DATASET EXCERPTS ▸

====

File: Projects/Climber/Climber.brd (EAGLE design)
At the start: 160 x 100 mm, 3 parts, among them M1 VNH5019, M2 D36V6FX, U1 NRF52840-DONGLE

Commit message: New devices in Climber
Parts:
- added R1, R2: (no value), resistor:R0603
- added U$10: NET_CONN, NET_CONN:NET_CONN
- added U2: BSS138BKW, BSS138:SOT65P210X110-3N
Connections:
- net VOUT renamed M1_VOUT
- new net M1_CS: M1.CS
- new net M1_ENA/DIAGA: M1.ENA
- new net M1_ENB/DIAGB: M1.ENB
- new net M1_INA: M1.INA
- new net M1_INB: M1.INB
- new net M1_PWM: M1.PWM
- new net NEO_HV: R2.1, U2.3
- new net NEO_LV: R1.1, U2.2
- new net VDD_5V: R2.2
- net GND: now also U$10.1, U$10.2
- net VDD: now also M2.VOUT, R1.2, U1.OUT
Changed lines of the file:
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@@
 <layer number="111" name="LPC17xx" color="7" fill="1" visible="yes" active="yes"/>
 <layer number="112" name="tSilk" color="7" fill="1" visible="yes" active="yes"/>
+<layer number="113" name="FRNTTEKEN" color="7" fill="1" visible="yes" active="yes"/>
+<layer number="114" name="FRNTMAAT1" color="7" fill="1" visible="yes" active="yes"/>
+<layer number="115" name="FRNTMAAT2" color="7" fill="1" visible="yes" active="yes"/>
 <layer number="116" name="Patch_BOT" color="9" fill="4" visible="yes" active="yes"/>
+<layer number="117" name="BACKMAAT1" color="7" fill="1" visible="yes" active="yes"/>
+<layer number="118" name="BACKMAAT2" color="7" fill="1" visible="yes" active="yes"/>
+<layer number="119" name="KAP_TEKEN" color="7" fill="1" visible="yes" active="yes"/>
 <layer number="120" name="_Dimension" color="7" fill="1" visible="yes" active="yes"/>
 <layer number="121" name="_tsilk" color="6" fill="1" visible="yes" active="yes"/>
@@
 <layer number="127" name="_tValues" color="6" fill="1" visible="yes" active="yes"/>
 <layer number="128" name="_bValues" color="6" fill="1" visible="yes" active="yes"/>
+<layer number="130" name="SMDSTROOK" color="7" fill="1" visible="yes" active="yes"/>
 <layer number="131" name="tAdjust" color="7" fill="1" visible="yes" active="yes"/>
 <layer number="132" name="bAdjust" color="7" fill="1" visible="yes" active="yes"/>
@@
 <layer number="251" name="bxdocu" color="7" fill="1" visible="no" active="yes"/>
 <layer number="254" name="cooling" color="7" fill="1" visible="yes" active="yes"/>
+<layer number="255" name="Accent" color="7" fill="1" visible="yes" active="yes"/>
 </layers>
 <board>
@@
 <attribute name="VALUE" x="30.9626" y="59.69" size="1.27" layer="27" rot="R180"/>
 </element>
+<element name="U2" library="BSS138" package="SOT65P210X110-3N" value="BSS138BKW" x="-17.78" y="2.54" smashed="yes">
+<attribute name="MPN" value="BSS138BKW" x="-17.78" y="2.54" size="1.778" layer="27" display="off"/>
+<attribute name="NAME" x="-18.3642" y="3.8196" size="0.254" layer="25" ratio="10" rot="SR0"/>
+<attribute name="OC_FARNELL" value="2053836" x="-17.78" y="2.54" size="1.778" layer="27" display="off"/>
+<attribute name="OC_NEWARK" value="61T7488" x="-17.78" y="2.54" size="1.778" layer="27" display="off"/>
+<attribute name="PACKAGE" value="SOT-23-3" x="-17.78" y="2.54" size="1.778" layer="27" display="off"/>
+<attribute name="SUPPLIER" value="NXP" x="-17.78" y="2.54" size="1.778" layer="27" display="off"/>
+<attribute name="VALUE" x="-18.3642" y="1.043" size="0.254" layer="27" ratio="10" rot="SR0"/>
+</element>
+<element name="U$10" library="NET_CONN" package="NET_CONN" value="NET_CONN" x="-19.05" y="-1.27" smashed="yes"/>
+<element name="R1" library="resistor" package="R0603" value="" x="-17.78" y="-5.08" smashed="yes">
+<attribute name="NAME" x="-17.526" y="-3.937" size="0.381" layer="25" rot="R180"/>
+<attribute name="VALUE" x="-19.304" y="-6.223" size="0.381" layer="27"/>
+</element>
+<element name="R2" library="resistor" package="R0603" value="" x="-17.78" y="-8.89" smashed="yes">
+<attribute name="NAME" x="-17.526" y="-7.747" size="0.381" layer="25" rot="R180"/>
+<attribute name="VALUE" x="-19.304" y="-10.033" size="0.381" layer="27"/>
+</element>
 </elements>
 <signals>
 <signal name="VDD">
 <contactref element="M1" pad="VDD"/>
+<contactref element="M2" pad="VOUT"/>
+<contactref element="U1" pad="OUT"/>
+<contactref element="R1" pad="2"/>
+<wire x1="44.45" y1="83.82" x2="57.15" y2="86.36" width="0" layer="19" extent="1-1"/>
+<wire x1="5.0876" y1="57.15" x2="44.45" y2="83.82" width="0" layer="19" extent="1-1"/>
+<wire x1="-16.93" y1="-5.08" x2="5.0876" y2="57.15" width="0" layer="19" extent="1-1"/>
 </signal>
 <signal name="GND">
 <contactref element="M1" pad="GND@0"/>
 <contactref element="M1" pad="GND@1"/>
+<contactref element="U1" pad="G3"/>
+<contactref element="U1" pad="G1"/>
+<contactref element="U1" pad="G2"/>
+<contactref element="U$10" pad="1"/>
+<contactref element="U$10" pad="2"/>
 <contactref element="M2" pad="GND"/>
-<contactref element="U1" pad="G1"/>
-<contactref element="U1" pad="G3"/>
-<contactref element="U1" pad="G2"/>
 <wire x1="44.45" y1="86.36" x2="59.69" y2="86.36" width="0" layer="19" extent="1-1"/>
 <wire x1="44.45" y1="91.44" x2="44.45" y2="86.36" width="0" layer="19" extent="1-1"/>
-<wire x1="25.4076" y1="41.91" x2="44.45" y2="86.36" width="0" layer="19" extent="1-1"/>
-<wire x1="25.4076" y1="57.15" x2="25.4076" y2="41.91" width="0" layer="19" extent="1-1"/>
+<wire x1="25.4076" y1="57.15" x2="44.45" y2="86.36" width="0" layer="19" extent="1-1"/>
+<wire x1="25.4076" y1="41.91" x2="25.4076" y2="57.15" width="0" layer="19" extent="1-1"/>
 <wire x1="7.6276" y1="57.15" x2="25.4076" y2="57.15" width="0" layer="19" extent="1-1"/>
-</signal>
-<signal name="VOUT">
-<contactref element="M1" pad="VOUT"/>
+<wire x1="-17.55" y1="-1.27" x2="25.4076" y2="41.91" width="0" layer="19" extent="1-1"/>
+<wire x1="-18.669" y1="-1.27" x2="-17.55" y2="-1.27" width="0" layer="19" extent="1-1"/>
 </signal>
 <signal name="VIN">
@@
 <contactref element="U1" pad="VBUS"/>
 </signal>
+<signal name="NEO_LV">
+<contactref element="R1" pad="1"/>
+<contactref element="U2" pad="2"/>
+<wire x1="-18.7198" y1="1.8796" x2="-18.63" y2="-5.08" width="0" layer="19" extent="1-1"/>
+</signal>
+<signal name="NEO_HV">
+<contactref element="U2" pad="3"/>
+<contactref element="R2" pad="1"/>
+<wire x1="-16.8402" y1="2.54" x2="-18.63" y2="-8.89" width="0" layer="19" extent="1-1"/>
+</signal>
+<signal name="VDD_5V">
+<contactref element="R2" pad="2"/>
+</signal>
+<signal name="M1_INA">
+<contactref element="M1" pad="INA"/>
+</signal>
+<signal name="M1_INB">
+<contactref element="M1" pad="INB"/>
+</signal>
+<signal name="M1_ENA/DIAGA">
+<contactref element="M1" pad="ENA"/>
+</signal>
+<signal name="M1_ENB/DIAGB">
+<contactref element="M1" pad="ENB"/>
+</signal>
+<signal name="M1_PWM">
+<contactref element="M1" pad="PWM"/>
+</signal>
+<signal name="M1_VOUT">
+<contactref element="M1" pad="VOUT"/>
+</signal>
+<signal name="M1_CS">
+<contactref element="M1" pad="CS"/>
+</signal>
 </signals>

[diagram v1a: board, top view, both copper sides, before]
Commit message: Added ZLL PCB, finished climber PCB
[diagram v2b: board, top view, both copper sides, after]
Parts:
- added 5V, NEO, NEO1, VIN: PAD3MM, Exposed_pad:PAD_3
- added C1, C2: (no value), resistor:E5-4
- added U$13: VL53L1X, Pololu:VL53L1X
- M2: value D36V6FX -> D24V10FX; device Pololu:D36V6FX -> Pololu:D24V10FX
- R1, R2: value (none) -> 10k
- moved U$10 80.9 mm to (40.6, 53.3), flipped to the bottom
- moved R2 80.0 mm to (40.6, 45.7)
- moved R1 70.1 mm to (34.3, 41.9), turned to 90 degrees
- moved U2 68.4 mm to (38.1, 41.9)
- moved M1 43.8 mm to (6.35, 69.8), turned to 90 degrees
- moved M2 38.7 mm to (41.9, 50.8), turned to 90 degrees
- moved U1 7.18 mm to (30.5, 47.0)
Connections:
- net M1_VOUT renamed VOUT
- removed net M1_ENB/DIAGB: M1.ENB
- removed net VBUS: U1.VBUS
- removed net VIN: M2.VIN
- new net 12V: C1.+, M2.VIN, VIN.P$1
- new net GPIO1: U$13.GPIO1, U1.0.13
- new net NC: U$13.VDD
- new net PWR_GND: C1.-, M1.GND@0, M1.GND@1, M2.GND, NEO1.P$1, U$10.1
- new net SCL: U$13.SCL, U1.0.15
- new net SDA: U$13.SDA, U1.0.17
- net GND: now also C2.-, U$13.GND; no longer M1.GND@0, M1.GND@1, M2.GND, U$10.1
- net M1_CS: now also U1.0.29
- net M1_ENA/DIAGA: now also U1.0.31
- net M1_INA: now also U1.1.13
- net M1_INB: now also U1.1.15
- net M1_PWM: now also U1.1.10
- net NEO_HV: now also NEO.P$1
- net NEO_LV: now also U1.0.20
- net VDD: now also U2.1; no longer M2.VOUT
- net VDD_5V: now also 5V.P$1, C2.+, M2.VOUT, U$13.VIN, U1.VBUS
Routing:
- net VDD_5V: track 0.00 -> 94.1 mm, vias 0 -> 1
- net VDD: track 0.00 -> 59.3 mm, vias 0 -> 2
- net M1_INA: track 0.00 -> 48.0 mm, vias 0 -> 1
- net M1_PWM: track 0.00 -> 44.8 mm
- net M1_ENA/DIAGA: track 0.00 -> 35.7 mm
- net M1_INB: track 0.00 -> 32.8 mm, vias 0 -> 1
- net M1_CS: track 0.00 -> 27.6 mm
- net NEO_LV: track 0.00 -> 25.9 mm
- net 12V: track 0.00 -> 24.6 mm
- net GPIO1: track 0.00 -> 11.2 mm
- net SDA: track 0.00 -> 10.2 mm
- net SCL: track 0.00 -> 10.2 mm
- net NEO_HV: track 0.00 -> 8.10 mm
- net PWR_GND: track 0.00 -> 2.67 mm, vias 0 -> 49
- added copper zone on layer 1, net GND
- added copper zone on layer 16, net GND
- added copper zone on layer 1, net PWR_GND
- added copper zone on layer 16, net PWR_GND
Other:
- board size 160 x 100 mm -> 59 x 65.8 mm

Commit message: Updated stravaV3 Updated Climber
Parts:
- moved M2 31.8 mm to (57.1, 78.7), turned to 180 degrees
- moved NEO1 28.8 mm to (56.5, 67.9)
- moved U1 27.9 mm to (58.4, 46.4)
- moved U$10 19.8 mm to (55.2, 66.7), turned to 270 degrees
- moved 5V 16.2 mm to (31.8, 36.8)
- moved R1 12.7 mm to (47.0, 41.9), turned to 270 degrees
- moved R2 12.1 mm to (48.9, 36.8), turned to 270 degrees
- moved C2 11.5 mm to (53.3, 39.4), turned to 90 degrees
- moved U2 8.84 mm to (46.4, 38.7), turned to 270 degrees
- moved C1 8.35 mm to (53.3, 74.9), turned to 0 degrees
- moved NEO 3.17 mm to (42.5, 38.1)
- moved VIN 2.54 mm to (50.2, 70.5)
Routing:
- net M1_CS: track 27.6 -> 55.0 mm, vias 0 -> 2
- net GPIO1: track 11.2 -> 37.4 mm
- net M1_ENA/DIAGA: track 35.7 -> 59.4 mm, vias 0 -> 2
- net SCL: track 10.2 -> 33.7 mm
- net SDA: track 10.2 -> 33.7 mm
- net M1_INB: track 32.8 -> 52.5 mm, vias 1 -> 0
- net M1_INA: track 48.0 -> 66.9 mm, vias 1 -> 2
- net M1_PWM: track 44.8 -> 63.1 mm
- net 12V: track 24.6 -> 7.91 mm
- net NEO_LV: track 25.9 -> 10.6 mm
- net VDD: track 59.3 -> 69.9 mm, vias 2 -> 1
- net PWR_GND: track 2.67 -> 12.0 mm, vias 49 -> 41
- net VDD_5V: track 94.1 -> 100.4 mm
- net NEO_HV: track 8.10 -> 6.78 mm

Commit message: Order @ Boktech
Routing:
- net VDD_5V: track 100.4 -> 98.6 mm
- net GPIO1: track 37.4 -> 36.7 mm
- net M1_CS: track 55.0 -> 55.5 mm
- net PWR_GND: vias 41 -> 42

====

ABOUT THIS EXERCISE ▸
Reproduce exactly, and with no other material, the lines between those holding "- removed net VIN: M2.VIN" and "- new net SCL: U$13.SCL, U1.0.15", inclusive.

SOLUTION FOR THIS TASK ▸
- removed net VIN: M2.VIN
- new net 12V: C1.+, M2.VIN, VIN.P$1
- new net GPIO1: U$13.GPIO1, U1.0.13
- new net NC: U$13.VDD
- new net PWR_GND: C1.-, M1.GND@0, M1.GND@1, M2.GND, NEO1.P$1, U$10.1
- new net SCL: U$13.SCL, U1.0.15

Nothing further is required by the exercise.